Glioblastoma is considered the most aggressive and lethal form of brain cancer. Glioblastoma tumours are complex, comprising a spectrum of oncogenically transformed cells displaying distinct phenotypes. These can be generated in culture and are called differentiated-glioblastoma cells and glioblastoma stem cells. These cells are phenotypically and functionally distinct, where the stem-like glioblastoma cells give rise to and perpetuate the tumour. Electric cell-substrate impedance sensing (ECIS) is a real-time, label-free, impedance-based method for the analysis of cellular behaviour, based on cellular adhesion. Therefore, we asked the question of whether ECIS was suitable for, and capable of measuring the adhesion of glioblastoma cells. The goal was to identify whether ECIS was capable of measuring glioblastoma cell adhesion, with a particular focus on the glioblastoma stem cells. We reveal that ECIS reliably measures adhesion of the differentiated glioblastoma cells on various array types. We also demonstrate the ability of ECIS to measure the migratory behaviour of differentiated glioblastoma cells onto ECIS electrodes post-ablation.
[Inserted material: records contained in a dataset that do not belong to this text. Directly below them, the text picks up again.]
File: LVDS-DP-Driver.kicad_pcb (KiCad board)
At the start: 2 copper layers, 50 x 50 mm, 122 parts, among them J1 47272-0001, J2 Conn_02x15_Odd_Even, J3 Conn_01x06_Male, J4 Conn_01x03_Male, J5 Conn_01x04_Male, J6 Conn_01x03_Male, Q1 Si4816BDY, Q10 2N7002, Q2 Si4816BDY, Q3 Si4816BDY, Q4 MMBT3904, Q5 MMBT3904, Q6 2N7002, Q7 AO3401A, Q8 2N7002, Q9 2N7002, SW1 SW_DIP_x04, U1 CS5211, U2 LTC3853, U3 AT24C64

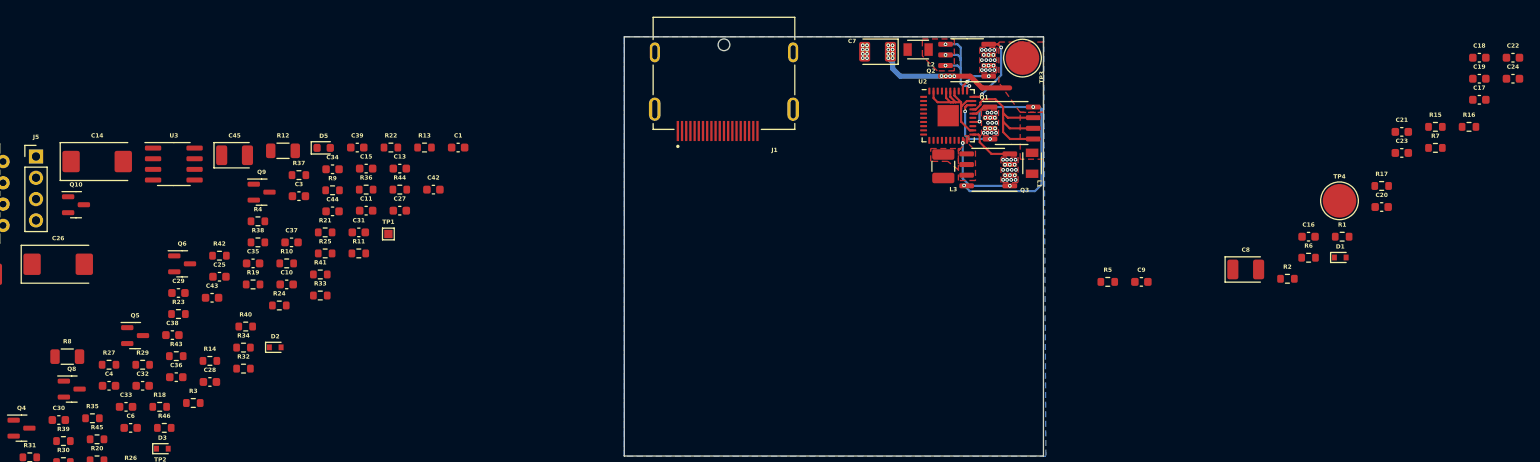
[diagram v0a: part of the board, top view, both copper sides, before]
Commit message: Buck layout 60%
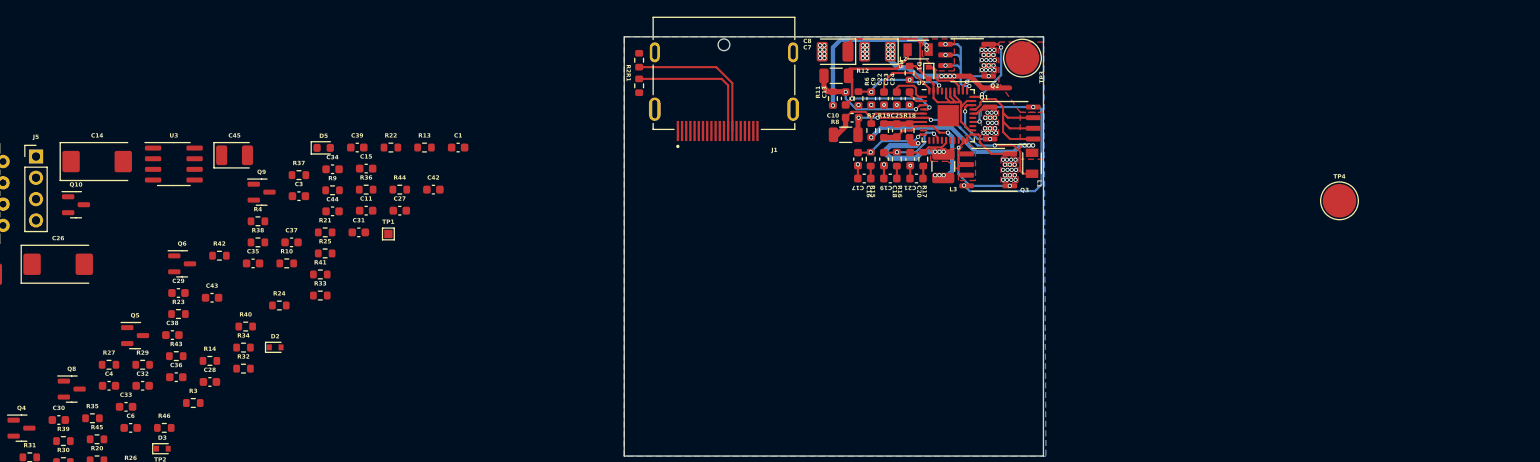
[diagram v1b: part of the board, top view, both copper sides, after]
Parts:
- moved R8 96.5 mm to (151.1, 27.4)
- moved R18 95.3 mm to (158.8, 26.9), turned to 90 degrees
- moved R1 85.8 mm to (126.5, 21.6), turned to -90 degrees
- moved C25 82.7 mm to (157.2, 26.9), turned to -90 degrees
- moved R2 81.6 mm to (126.5, 18.5), turned to 90 degrees
- moved R19 77.5 mm to (155.7, 26.9), turned to -90 degrees
- moved C22 75.2 mm to (155.7, 23.1), turned to -90 degrees
- moved C17 74.0 mm to (153.3, 32.6), turned to 180 degrees
- moved C18 72.0 mm to (155.7, 30.3), turned to -90 degrees
- moved C24 72.0 mm to (158.8, 23.1), turned to 90 degrees
- moved C19 71.3 mm to (156.4, 32.6), turned to 180 degrees
- moved C10 70.3 mm to (151.9, 25.4)
- moved R16 68.4 mm to (157.2, 30.3), turned to -90 degrees
- moved R15 67.5 mm to (154.1, 30.3), turned to -90 degrees
- moved R7 67.3 mm to (154.2, 26.9), turned to 90 degrees
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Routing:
- net +3V3: track 0.00 -> 27.0 mm, vias 0 -> 4
- net +5V: track 0.00 -> 23.8 mm, vias 0 -> 2
- net Net-(Q1-C): track 19.8 -> 41.1 mm, vias 0 -> 4
- net Net-(Q2-C): track 12.3 -> 31.6 mm, vias 4 -> 7
- net Net-(D1-A): track 15.6 -> 33.5 mm
- net Net-(J1-Pad14): track 0.00 -> 17.6 mm
- net Net-(J1-Pad13): track 0.00 -> 16.4 mm
- net +1V8: track 0.00 -> 15.5 mm, vias 0 -> 4
- net /SEN1+: track 0.00 -> 15.0 mm, vias 0 -> 2
- net /SEN2+: track 0.00 -> 13.7 mm
- net /SW3: track 0.00 -> 13.6 mm, vias 0 -> 4
- net Net-(U2-FREQ): track 0.00 -> 11.4 mm, vias 0 -> 3
- net Net-(U2-ITH1): track 0.00 -> 8.65 mm, vias 0 -> 2
- net Net-(U2-ITH2): track 0.00 -> 8.56 mm, vias 0 -> 2
- net Net-(U2-SS1): track 0.00 -> 8.15 mm
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
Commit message: Buck Components
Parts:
- moved C12 126.0 mm to (172.2, 39.4), turned to -90 degrees
- moved C26 99.4 mm to (156.5, 37.3), turned to 180 degrees
- moved D3 97.6 mm to (156.7, 20.8)
- moved C28 93.4 mm to (166.1, 35.3)
- moved D2 91.0 mm to (168.9, 22.6)
- moved R20 88.3 mm to (143.1, 31.8), turned to -90 degrees
- moved C29 86.2 mm to (153.9, 20.8), turned to 180 degrees
- moved R14 77.9 mm to (150.1, 32.6)
- moved R10 63.4 mm to (147.1, 32.6)
- moved R9 58.0 mm to (147.8, 30.3), turned to -90 degrees
- moved R21 56.2 mm to (144.7, 31.8), turned to 90 degrees
- moved C15 55.4 mm to (149.4, 30.3), turned to -90 degrees
- moved C11 52.7 mm to (146.3, 30.3), turned to -90 degrees
- moved R13 50.0 mm to (150.9, 30.3), turned to -90 degrees
- moved C14 49.7 mm to (111.5, 28.2), turned to 90 degrees
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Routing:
- net Net-(D3-K): track 0.00 -> 42.0 mm, vias 0 -> 2
- net Net-(D2-K): track 0.00 -> 40.3 mm, vias 0 -> 3
- net Net-(D1-K): track 5.59 -> 34.5 mm, vias 0 -> 4
- net /FB2: track 0.00 -> 28.0 mm, vias 0 -> 2
- net GND: track 4.63 -> 32.1 mm, vias 76 -> 169
- net /FB3: track 0.00 -> 27.3 mm, vias 0 -> 2
- net Net-(D1-A): track 33.5 -> 59.2 mm, vias 0 -> 5
- net +1V8: track 15.5 -> 39.3 mm, vias 4 -> 7
- net /FB1: track 0.00 -> 15.4 mm, vias 0 -> 2
- net /SW3: track 13.6 -> 28.9 mm
- net +3V3: track 27.0 -> 39.8 mm, vias 4 -> 5
- net +5V: track 23.8 -> 33.3 mm, vias 2 -> 4
- net Net-(Q2-C): track 31.6 -> 39.4 mm, vias 7 -> 8
- net Net-(Q1-C): track 41.1 -> 48.0 mm
- net +12V: track 49.8 -> 48.5 mm, vias 15 -> 13
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- added copper zone on F.Cu, net +1V8
- added copper zone on F.Cu, net +3V3
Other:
- board text added: "-L-"
- board text added: "-M-"
- board text added: "-R-"

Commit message: LVDS routing and layouting misc
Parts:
- added G0: R_0603_1608Metric, Resistor_SMD:R_0603_1608Metric, F.Cu at (159.0, 44.7)
- added G1: R_0603_1608Metric, Resistor_SMD:R_0603_1608Metric, F.Cu at (161.5, 44.7)
- added G2: R_0603_1608Metric, Resistor_SMD:R_0603_1608Metric, F.Cu at (164.1, 44.7)
- added G3: R_0603_1608Metric, Resistor_SMD:R_0603_1608Metric, F.Cu at (166.6, 44.7)
- J3: footprint Connector_PinHeader_2.54mm:PinHeader_1x06_P2.54mm_Vertical -> Connector_PinHeader_2.00mm:PinHeader_1x06_P2.00mm_Vertical
- moved J3 132.4 mm to (167.8, 60.7), turned to -90 degrees
- moved J2 124.1 mm to (154.2, 55.1), turned to -90 degrees
- moved J5 120.8 mm to (172.7, 55.1), turned to 180 degrees
- moved J6 117.9 mm to (161.6, 53.8), turned to 90 degrees
- moved SW1 117.4 mm to (159.0, 48.5), turned to 90 degrees
- moved J4 115.6 mm to (154.7, 46.5)
- moved R28 111.1 mm to (167.4, 50.5), turned to 180 degrees
- moved R31 105.6 mm to (158.2, 50.5)
- moved R30 104.7 mm to (161.3, 50.5)
- moved U1 102.4 mm to (135.2, 40.4)
- moved Q10 100.7 mm to (157.7, 56.9)
- moved R29 97.2 mm to (164.3, 50.5)
- moved C5 92.5 mm to (138.9, 32.3), turned to -90 degrees
- moved D4 91.0 mm to (125.6, 28.7), turned to 90 degrees
- moved C45 88.5 mm to (162.3, 57.4), turned to 180 degrees
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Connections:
- net Net-(U1A-AUXN) renamed AUXN
- net Net-(U1A-AUXP) renamed AUXP
- net Net-(U1A-DP0N) renamed DP0N
- net Net-(U1A-DP0P) renamed DP0P
- net Net-(U1A-DP1N) renamed DP1N
- net Net-(U1A-DP1P) renamed DP1P
- J4 pad 3: +3.3V -> +3V3
- Q6 pad 1: +3.3V -> +3V3
- R22 pad 1: +3.3V -> +3V3
- R27 pad 1: +3.3V -> +3V3
- R28 pad 1: +3.3V -> +3V3
- R29 pad 1: +3.3V -> +3V3
- R30 pad 1: +3.3V -> +3V3
- R31 pad 1: +3.3V -> +3V3
- R39 pad 1: +3.3V -> +3V3
- R40 pad 1: +3.3V -> +3V3
- R41 pad 1: +3.3V -> +3V3
- R42 pad 1: +3.3V -> +3V3
- R43 pad 1: +3.3V -> +3V3
- R44 pad 1: +3.3V -> +3V3
- R45 pad 2: +3.3V -> +3V3
- R46 pad 2: +3.3V -> +3V3
- U3 pad 8: +3.3V -> +3V3
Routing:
- net +5V: track 33.3 -> 165.8 mm, vias 4 -> 16
- net +3V3: track 39.8 -> 153.3 mm, vias 5 -> 14
- net /BLDN: track 0.00 -> 90.3 mm, vias 0 -> 7
- net +1V8: track 39.3 -> 117.6 mm, vias 7 -> 10
- net /PWRDN: track 0.00 -> 61.7 mm, vias 0 -> 3
- net /BKUP_BTN: track 0.00 -> 57.6 mm, vias 0 -> 3
- net GND: track 32.1 -> 82.8 mm, vias 169 -> 240
- net /EN_BKLT: track 0.00 -> 40.6 mm, vias 0 -> 2
- net +12V: track 48.5 -> 83.9 mm, vias 13 -> 14
- net /GPIO3: track 0.00 -> 34.8 mm, vias 0 -> 2
- net /GPIO2: track 0.00 -> 32.5 mm, vias 0 -> 2
- net /GPIO1: track 0.00 -> 29.9 mm, vias 0 -> 2
- net /GPIO0: track 0.00 -> 28.1 mm, vias 0 -> 2
- net /P_BKLT_EN: track 0.00 -> 25.4 mm
- net /E2_SDA: track 0.00 -> 23.3 mm, vias 0 -> 2
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- added copper zone on F.Cu, net /LCD_BKLT_VCC
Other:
- board size 50 x 50 mm -> 50 x 46.7 mm
- board text added: "U"

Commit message: Finished routing
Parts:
- moved Q7 97.5 mm to (145.3, 50.3), turned to 180 degrees
- moved Q8 85.3 mm to (144.1, 60.5)
- moved C38 82.4 mm to (146.6, 18.8), turned to 90 degrees
- moved R35 80.1 mm to (141.4, 60.3), turned to 90 degrees
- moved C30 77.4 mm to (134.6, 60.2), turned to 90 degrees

Although the glioblastoma stem cells are adherent, ECIS is substantially less capable at reliably measuring their adhesion, compared with the differentiated counterparts. This means that ECIS has applicability for some glioblastoma cultures but much less utility for weakly adherent stem cell counterparts.

Highlights

  • Glioblastoma is one of the most devastating forms of brain cancer, owing to the lack of treatment options, complexity of the tumour locations restricting surgical options, and the dismal survival statistics [1]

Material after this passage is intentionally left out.